A black sky melts on another Portland night, but in the dark, there is no rain until you feel it. What am I to do as I'm walking here with you?
I let the rain wash over me, though it's less a choice than a reality of winter.
As you pause to enjoy the sight of the rain under a streetlight, I long to see the details that drop from your stories.
I bring the conversation into the light; a decision I will soon regret. The walk from park to pub is easier than the talk from present to past.
And I think words I would never say.
Hey Mary Ann, I don't know if I can.
Though I see just what you need, I can see I'm not the man.
The ex who deeply hurt you, well his deeds have hurt me too;
I had no way of knowing till we spoke of something true.
The distance between two people isn't always measured in inches.
Where are you now?
I am here and all is well, but you're still lost in a private hell. I can see it all while under the light. The years have left you wounded more than makeup can disguise. You suspect you will be wounded by the deeds of future guys.
What am I to do?
I steer us clear of the streetlight, as the melting black sky returns to wash the details away.

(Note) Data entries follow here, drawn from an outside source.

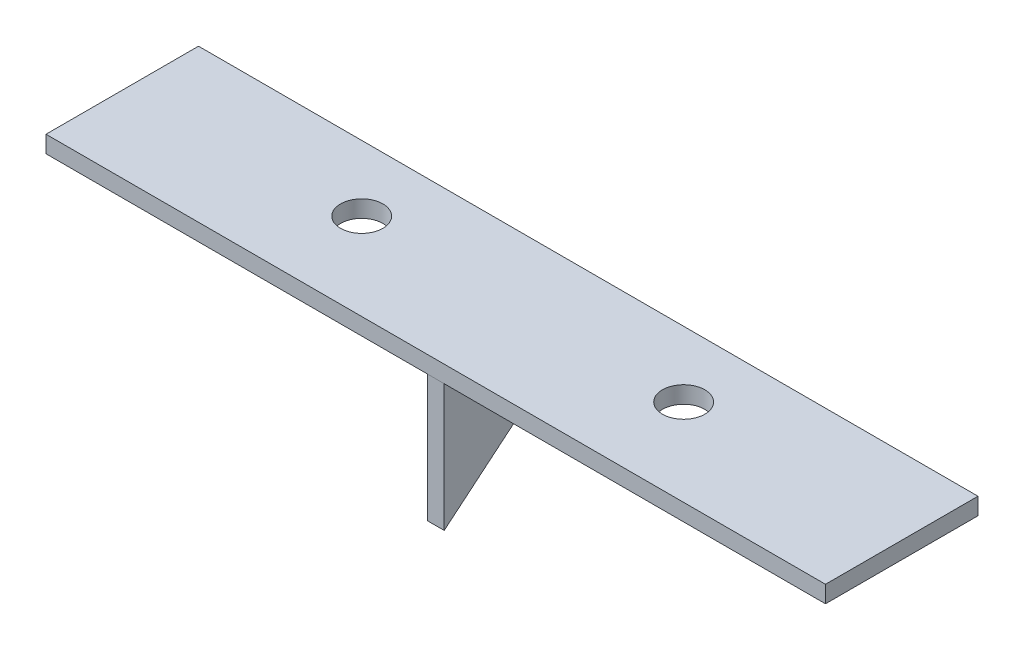
SolidWorks part; units mm, degrees
note: The reader was unsure of these and kept them because the rebuilt part matched: thickness of "Base-Flange1", "Sheet-Metal1", "Sheet-Metal3".
material "1023 Carbon Steel Sheet (SS)"
ref_plane "Front Plane" through (0, 0, 0) normal (0, 0, 1) x (1, 0, 0)
ref_plane "Top Plane" through (0, 0, 0) normal (0, 1, 0) x (1, 0, 0)
ref_plane "Right Plane" through (0, 0, 0) normal (1, 0, 0) x (0, 0, -1)
sketch "Sketch1" plane through (0, 0, 0) normal (0, 1, 0) x (1, 0, 0)
  line L0 (-46, 18) -> (-46, 0)
  line L1 (-46, 18) -> (46, 18)
  line L2 (-46, 0) -> (46, 0)
  line L3 (46, 18) -> (46, 0)
  line L4 (-46, 18) -> (46, 0) construction
  line L5 (-46, 0) -> (46, 18) construction
  point P1 (0, 9)
  dimension "D1" = 92
  dimension "D2" = 18
base flange "Base-Flange1" sketch "Sketch1" thickness 2 reverse thickness direction no parameters "D1"=0.7366
sketch "Sketch11" plane through (0, 0, 0) normal (0, 1, 0) x (1, 0, 0)
  line L1 (0, 0) -> (0, 28.0708) construction
  line L2 (-46, 0) -> (46, 0) construction
  circle A0 centre (-19, 10.26) radius 2.5
  circle A1 centre (19, 10.26) radius 2.5
  dimension "D2" = 5
  dimension "D1" = 10.26
  dimension "D3" = 19
extrude "Cut-Extrude1" cut sketch "Sketch11" against normal blind 10 normal cut yes
sketch "Sketch12" plane through (0, 0, 0) normal (1, 0, 0) x (0, 0, -1)
  line L0 (18, -2) -> (0, -17)
  line L1 (0, -17) -> (0, -2)
  line L2 (0, -2) -> (18, -2)
  dimension "D1" = 15
extrude "Boss-Extrude1" add sketch "Sketch12" along normal mid plane 2 separate body
sketch "Bend-Lines1" [suppressed] plane through (0, 0, 0) normal (0, 1, 0) x (1, 0, 0)
sketch "Bounding-Box1" [suppressed] plane through (0, 0, 0) normal (0, 1, 0) x (1, 0, 0)
sheet metal parameters "Sheet-Metal1" thickness 2 parameters "D1"=0.7366
flat pattern "Flat-Pattern1" [suppressed]
sketch "Bend-Lines2" plane through (0, 0, 0) normal (0, 1, 0) x (1, 0, 0)
sketch3d "Bounding-Box2" [suppressed]
  line L0 (-232, 18, 0) -> (232, 18, 0) construction
  line L1 (-232, 0, 0) -> (232, 0, 0) construction
  line L2 (-232, 18, 0) -> (-232, 0, 0) construction
  line L3 (232, 18, 0) -> (232, 0, 0) construction
sheet metal parameters "Sheet-Metal3" thickness 2 parameters "D1"=0.7366, "D7"=1
flat pattern "Flat-Pattern1"
sketch "Bend-Lines2" plane through (0, 0, 0) normal (0, 1, 0) x (1, 0, 0)
sketch3d "Bounding-Box2" [suppressed]
  line L0 (46, 18, 0) -> (-46, 18, 0) construction
  line L1 (46, 0, 0) -> (-46, 0, 0) construction
  line L2 (46, 18, 0) -> (46, 0, 0) construction
  line L3 (-46, 18, 0) -> (-46, 0, 0) construction

I'd love to love you more than you've ever known. That's what I have to give; nothing more, but nothing less. Don't think I didn't feel that spark when you took my hand. But it's not the rain that so quickly washes your flame away.
Cold hands find warm pockets, but a cold heart lingers. Maybe someday you'll set it free. If that day comes, please look for me. I'll be standing under a streetlight, ready to show you how beautiful the here and now can be.